Don’t underestimate Ukraine!

In the late 1940s, the mortality rate for Soviet troops fighting Ukrainian insurgents in Western Ukraine was higher than the mortality rate for Soviet troops fighting in Afghanistan in the 1980s.

This little known fact, long suppressed by Soviet censors, helps to explain why, after two months of harsh winter weather, Ukrainians are still manning barricades against their government.

With nighttime temperatures falling to -20C, wood fires provide some warmth for protesters. VOA Photo: James Brooke

With nighttime temperatures falling to -20C, wood fires provide some warmth for protesters. VOA Photo: James Brooke

Beneath the amiable, and sometimes jovial, exterior of many Ukrainians is a hidden self-discipline, nerves of steel, and an impressive ability to cooperate under duress for a common cause.

Many Westerners, myself included, assumed that the pro-Europe protests of late November would blow over after a week or two. Protesters would fold their tents and redirect their political energies toward the March 2015 Presidential election.

Two months later, in face of riot police clubbings, sniper fire from rooftops, and drenchings by fire hoses in Arctic weather, Ukrainians still stand tall. In fact, there are more protesters than ever. President Yanukovych is tossing concession after concession, hoping to avoid a South American-style, early departure from a back door of the Presidential Palace.

Yanukovych, a 63-year-old Soviet man, faces a new, post-Soviet generation of Ukrainians. They think of themselves as Europeans. And, little understood outside of Ukraine, much of this generation grew up worshipping the feats of the UPA, the Ukrainian Insurgent Army. Study photos of the demonstrations: increasingly, you will see the red and black flag of the UPA. Listen for the ritual chant: “Glory to Ukraine – Glory to her Heroes.” That is the old UPA greeting from the 1940s.

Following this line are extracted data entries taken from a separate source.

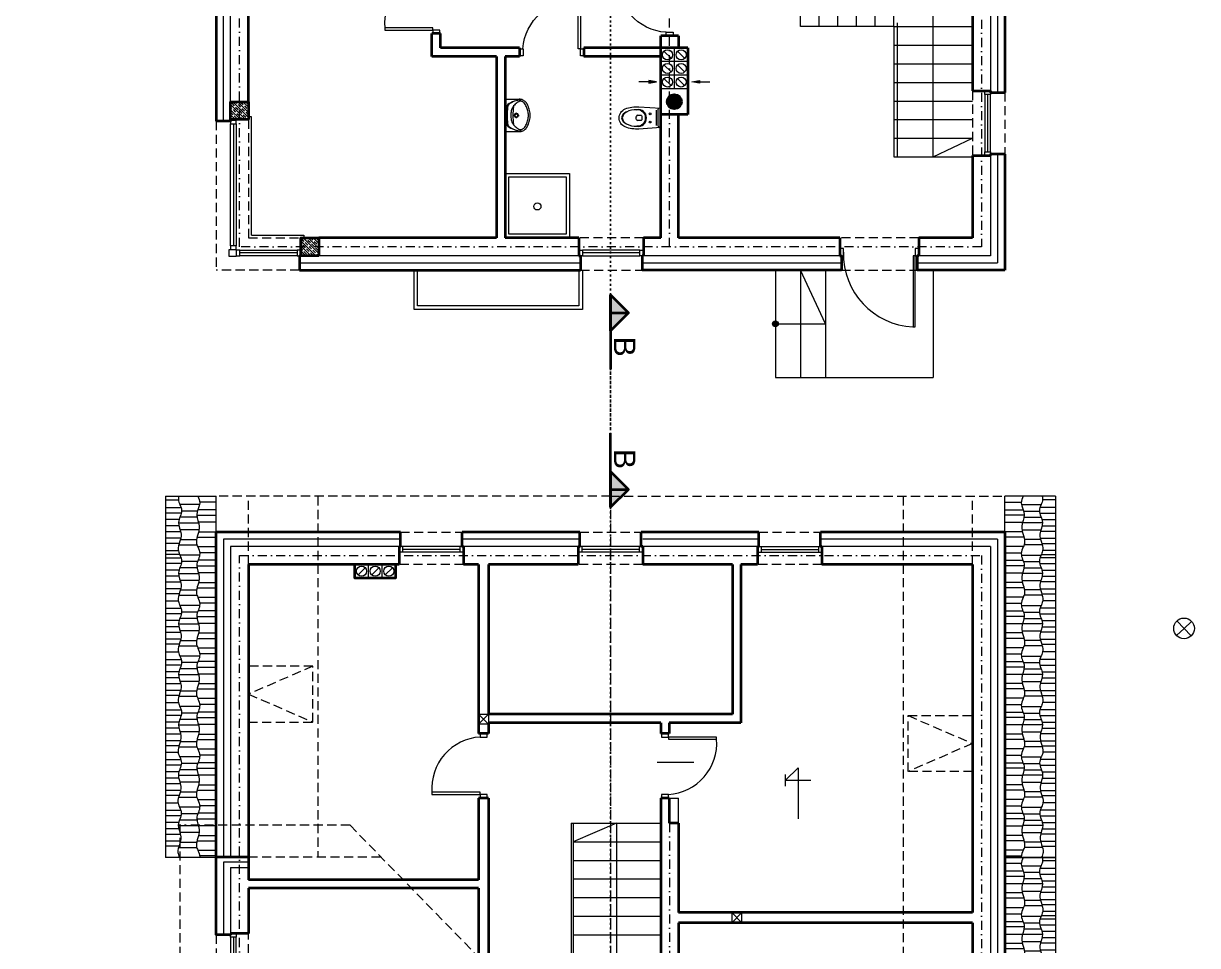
# Model space of a CAD drawing. Header units: millimetres. Extents: x -13512 to 8923, y -6533 to 5096.
# Drawn here: x 7175 to 8813, y -975 to 312 of the extents above; entities that cross this region are included whole.
import ezdxf

# ---------------------------------------------------------------- set-up
doc = ezdxf.new("R2010")
doc.units = ezdxf.units.MM
for name, pattern in [('DASHDOT', [25.4, 12.7, -6.35, 0, -6.35]), ('DASHED', [19.05, 12.7, -6.35]), ('DOT', [6.35, 0, -6.35])]:
    doc.linetypes.add(name, pattern=pattern)
doc.layers.get('0').update_dxf_attribs({"lineweight": 0})
doc.layers.add('A-meble', color=7, linetype='Continuous', lineweight=5, true_color=0x8a8a8a)
for name, color, linetype, lineweight in [('A-murowane', 3, 'Continuous', 35), ('A-osie', 7, 'DASHDOT', 5), ('A-p.widokowa', 6, 'Continuous', 15), ('A-p.widokowa-RefEdit0', 6, 'Continuous', 15), ('A-pod', 6, 'DASHED', 15), ('A-schody', 2, 'Continuous', 5), ('A-stolarka', 1, 'Continuous', 5), ('A-w.ocieplenie', 4, 'BATTING', 5), ('A-wykończenie', 4, 'Continuous', 5), ('A17_OPIS_WARSTW', 22, 'Continuous', 9), ('B-linia przekrojowa', 255, 'DOT', 30), ('B-materiały', 9, 'Continuous', 0), ('B-opis', 7, 'Continuous', 0)]:
    doc.layers.add(name, color=color, linetype=linetype, lineweight=lineweight)
doc.layers.add('oznaczenia niedr', color=7, linetype='Continuous', lineweight=0, plot=False)
doc.styles.add('APLUS', font='arial.ttf', dxfattribs={"width": 0.6})
doc.styles.get("Standard").update_dxf_attribs({"font": 'arial.ttf'})
doc.linetypes.add('BATTING', pattern='A,0.00254,-2.54,[134,ltypeshp.shx,S=2.54,R=0,X=-2.54,Y=0],-5.08,[134,ltypeshp.shx,S=2.54,R=180,X=2.54,Y=0],-2.54', length=10.16254)
pattern_1 = [(45, (-4358.3227, -2953.6666), (-3.535534, 3.535534), []), (45, (-4354.7977, -2953.6666), (-3.535534, 3.535534), [5, -2.5])]

# ---------------------------------------------------------------- blocks, each defined once
blk = doc.blocks.new('A$C7FE075C5')
at = {"layer": 'A-stolarka'}
for p, q in [((-5, 0), (-85, 0)), ((-85, -4), (-5, -4)), ((-85, -8), (-5, -8))]:
    blk.add_line(p, q, dxfattribs=at)
for points in [[(-90, 0), (-85, 0), (-85, -8), (-90, -8), (-90, 0)], [(-5, 0), (0, 0), (0, -8), (-5, -8), (-5, 0)]]:
    blk.add_lwpolyline(points, dxfattribs=at)
blk = doc.blocks.new('A$C6DA452C0')
at = {"layer": 'A-stolarka'}
for p, q in [((175, 8), (5, 8)), ((175, 4), (5, 4)), ((5, 0), (175, 0))]:
    blk.add_line(p, q, dxfattribs=at)
for points in [[(5, 0), (0, 0), (0, 8), (5, 8), (5, 0)], [(180, 0), (175, 0), (175, 8), (180, 8), (180, 0)]]:
    blk.add_lwpolyline(points, dxfattribs=at)
blk = doc.blocks.new('A$C4D3D61A9')
at = {"layer": 'A-stolarka'}
for points in [[(5, 5), (8, 5), (8, 72), (5, 72)], [(0, -5), (5, -5), (5, 5), (0, 5)], [(85, -5), (90, -5), (90, 5), (85, 5)]]:
    blk.add_lwpolyline(points, close=True, dxfattribs=at)
blk.add_arc((13.4, 0.4), 71.8, 3.6579, 94.2871, dxfattribs=at)
blk = doc.blocks.new('A$C7B764E71')
at = {"layer": 'A-meble'}
for points in [[(-90, 0), (-90, 90), (0, 90), (0, 0)], [(-85, 5), (-85, 85), (-5, 85), (-5, 5)]]:
    blk.add_lwpolyline(points, close=True, dxfattribs=at)
blk.add_circle((-43.9, 45), 5, dxfattribs=at)
at = {"layer": 'A-meble', "style": 'APLUS', "width": 0.8, "flags": 9}
blk.add_attdef('ESTCODE', (-90, 90), '', height=0.0213, dxfattribs=at)
blk = doc.blocks.new('A$C19D832B9')
at = {"layer": 'A-meble'}
blk.add_lwpolyline([(49.5, -12.6, -0.108747), (30.3, -15.5), (0, -13.5), (0, 13.5), (30.3, 15.5, -0.108747), (49.5, 12.6, -0.297002), (58.1, 0, -0.297002)], format="xyb", close=True, dxfattribs=at)
for points in [[(2.9, -13.7), (3.8, -11.4, 0.092626), (3.9, -10.6), (3.9, 10.3, 0.110215), (3.7, 11.1), (2.5, 13.7)], [(33.4, -11.5, 0.140223), (47.8, -8.2, 0.280577), (53.5, 0, 0.280577), (47.8, 8.2, 0.140223), (33.4, 11.5, 0.496783), (19.9, 0, 0.496783), (33.4, -11.5, -0.492052), (21.8, 0, -0.492052), (33.4, 11.5)], [(32.2, -3.9), (28.2, -3.9, -0.414214), (26.2, -1.9), (26.2, 0), (26.2, 1.8, -0.414214), (28.2, 3.8), (32.2, 3.8)], [(47.6, -8.4, 0.255814), (54.7, 0, 0.255814), (47.6, 8.4)]]:
    blk.add_lwpolyline(points, format="xyb", dxfattribs=at)
blk.add_lwpolyline([(6.1, -11), (6.1, 10.7)], dxfattribs=at)
for centre in [(14.8, 5.8), (14.8, -5.8)]:
    blk.add_circle(centre, 1.28, dxfattribs=at)
blk.add_arc((30.4, 0), 4.2, 294.6859, 65.3141, dxfattribs=at)
blk = doc.blocks.new('A$C40803298')
at = {"layer": 'A-meble', "linetype": 'Continuous'}
for p, q in [((0, -22.5), (0, 22.5)), ((0, 22.5), (19.5, 22.5)), ((0, 7.1), (0, -7.1)), ((15.6, 3.8), (15.6, 1.4)), ((11.8, 0), (14.2, 0)), ((15.6, -1.4), (15.6, -3.8)), ((17.1, 0), (19.5, 0)), ((0, -22.5), (19.5, -22.5))]:
    blk.add_line(p, q, dxfattribs=at)
for points in [[(22.5, 21.3), (20, 21.3), (17.5, 21), (15, 20.5), (12.5, 19.8), (10.2, 18.9), (7.9, 17.7), (5.7, 16.4), (3.7, 15)], [(22.5, 21.3), (20.1, 21.3), (17.8, 21), (15.4, 20.5), (13.1, 19.8), (10.9, 18.8), (8.8, 17.7), (6.8, 16.4), (5, 15)], [(20.7, 19.7), (19.2, 19.1), (17.8, 18.4), (16.5, 17.5), (15.2, 16.6), (14, 15.6), (12.9, 14.4), (11.9, 13.2), (11, 12)], [(29.2, 18.2), (28.2, 19.2), (27.2, 20.1), (26.1, 20.9), (24.9, 21.5), (23.6, 22), (22.2, 22.3), (20.9, 22.5), (19.5, 22.5)], [(26.4, 17.4), (25.9, 18), (25.2, 18.5), (24.6, 18.9), (23.8, 19.2), (23.1, 19.5), (22.3, 19.7), (21.5, 19.7), (20.7, 19.7)], [(31.7, 6.2), (31.4, 7.7), (30.9, 9.2), (30.4, 10.7), (29.8, 12.1), (29.1, 13.5), (28.3, 14.9), (27.4, 16.2), (26.4, 17.4)], [(31.1, 15.2), (30.9, 15.6), (30.7, 16), (30.5, 16.4), (30.2, 16.8), (30, 17.2), (29.7, 17.5), (29.4, 17.9), (29.2, 18.2)], [(2.4, 12.9), (2, 11.3), (1.7, 9.7), (1.5, 8.1), (1.3, 6.5), (1.1, 4.9), (1, 3.2), (0.9, 1.6), (0.9, 0)], [(0.9, 0), (0.9, -1.6), (1, -3.2), (1.1, -4.8), (1.3, -6.5), (1.5, -8.1), (1.7, -9.7), (2, -11.3), (2.3, -12.9)], [(3.7, 15), (3.4, 14.7), (3.2, 14.5), (3, 14.3), (2.8, 14), (2.7, 13.8), (2.6, 13.5), (2.4, 13.2), (2.4, 12.9)], [(3.7, 12.7), (3.5, 11.1), (3.3, 9.5), (3.1, 7.9), (3, 6.4), (2.9, 4.8), (2.8, 3.2), (2.8, 1.6), (2.8, 0)], [(2.8, 0), (2.8, -1.6), (2.8, -3.2), (2.9, -4.8), (3, -6.3), (3.1, -7.9), (3.3, -9.5), (3.5, -11.1), (3.7, -12.7)], [(5, 15), (4.7, 14.8), (4.5, 14.5), (4.3, 14.2), (4.1, 13.9), (4, 13.6), (3.8, 13.3), (3.8, 13), (3.7, 12.7)], [(11, 12), (10.2, 10.6), (9.6, 9.2), (9, 7.7), (8.6, 6.2), (8.3, 4.7), (8.1, 3.1), (8, 1.6), (8.1, 0)], [(8.1, 0), (8, -1.6), (8.1, -3.1), (8.3, -4.7), (8.6, -6.2), (9, -7.7), (9.6, -9.2), (10.2, -10.6), (11, -12)], [(11.7, 12.6), (11.3, 9.4), (11, 6.3), (10.8, 3.2), (10.7, 0), (10.8, -3.2), (11, -6.3), (11.3, -9.5), (11.7, -12.6)], [(34.9, 1.6), (34.8, 3.3), (34.5, 5.1), (34.2, 6.9), (33.7, 8.6), (33.2, 10.3), (32.6, 12), (31.9, 13.6), (31.1, 15.2)], [(31.7, -6.2), (32, -4.7), (32.3, -3.1), (32.4, -1.6), (32.4, 0), (32.4, 1.6), (32.3, 3.1), (32, 4.7), (31.7, 6.2)], [(34.9, -1.6), (35, -1.2), (35, -0.8), (35, -0.4), (35, 0), (35, 0.4), (35, 0.8), (35, 1.2), (34.9, 1.6)], [(2.3, -12.9), (2.4, -13.2), (2.5, -13.4), (2.7, -13.7), (2.8, -14), (3, -14.3), (3.2, -14.5), (3.4, -14.7), (3.7, -14.9)], [(3.7, -12.7), (3.7, -13), (3.8, -13.3), (3.9, -13.6), (4.1, -13.9), (4.3, -14.2), (4.5, -14.5), (4.7, -14.7), (4.9, -15)], [(3.7, -14.9), (5.7, -16.4), (7.9, -17.7), (10.1, -18.8), (12.5, -19.8), (14.9, -20.5), (17.4, -21), (19.9, -21.3), (22.5, -21.3)], [(4.9, -15), (6.8, -16.4), (8.8, -17.7), (10.9, -18.8), (13.1, -19.7), (15.4, -20.5), (17.7, -21), (20.1, -21.3), (22.5, -21.3)], [(11, -12), (11.9, -13.2), (12.9, -14.4), (14, -15.6), (15.2, -16.6), (16.5, -17.5), (17.8, -18.4), (19.2, -19.1), (20.7, -19.7)], [(26.4, -17.4), (27.4, -16.2), (28.3, -14.9), (29.1, -13.5), (29.8, -12.1), (30.4, -10.7), (30.9, -9.2), (31.4, -7.7), (31.7, -6.2)], [(29.2, -18.2), (29.4, -17.9), (29.7, -17.5), (30, -17.2), (30.2, -16.8), (30.5, -16.4), (30.7, -16), (30.9, -15.6), (31.1, -15.2)], [(31.1, -15.2), (31.9, -13.6), (32.6, -12), (33.2, -10.3), (33.7, -8.6), (34.2, -6.9), (34.5, -5.1), (34.8, -3.3), (34.9, -1.6)], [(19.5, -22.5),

What also drives the protesters? Sharp knowledge of the neighborhood.

To the North is Belarus, and to the East is Russia. Belarus is run by a healthy 59-year-old dictator, Alexander Lukashenko. Russia is run by a healthy, 61-year-old, authoritarian, Vladimir Putin. It may only be biology that will stop these two men from running their countries for another 15 years. With both countries locked in the political deep freeze, Ukrainians can clearly see their future in this Slavic troika — and they don’t want it.

In the Kremlin’s worldview, Ukrainians are falling victim to the eternal anti-Russian alliance of Poland-Lithuania-Sweden. Once again, these historic enemies of Russia are thrusting down where they do not belong, threatening Russia’s Black Sea underbelly.

Putin’s attempt to export his economic and political model to Ukraine seems doomed to failure.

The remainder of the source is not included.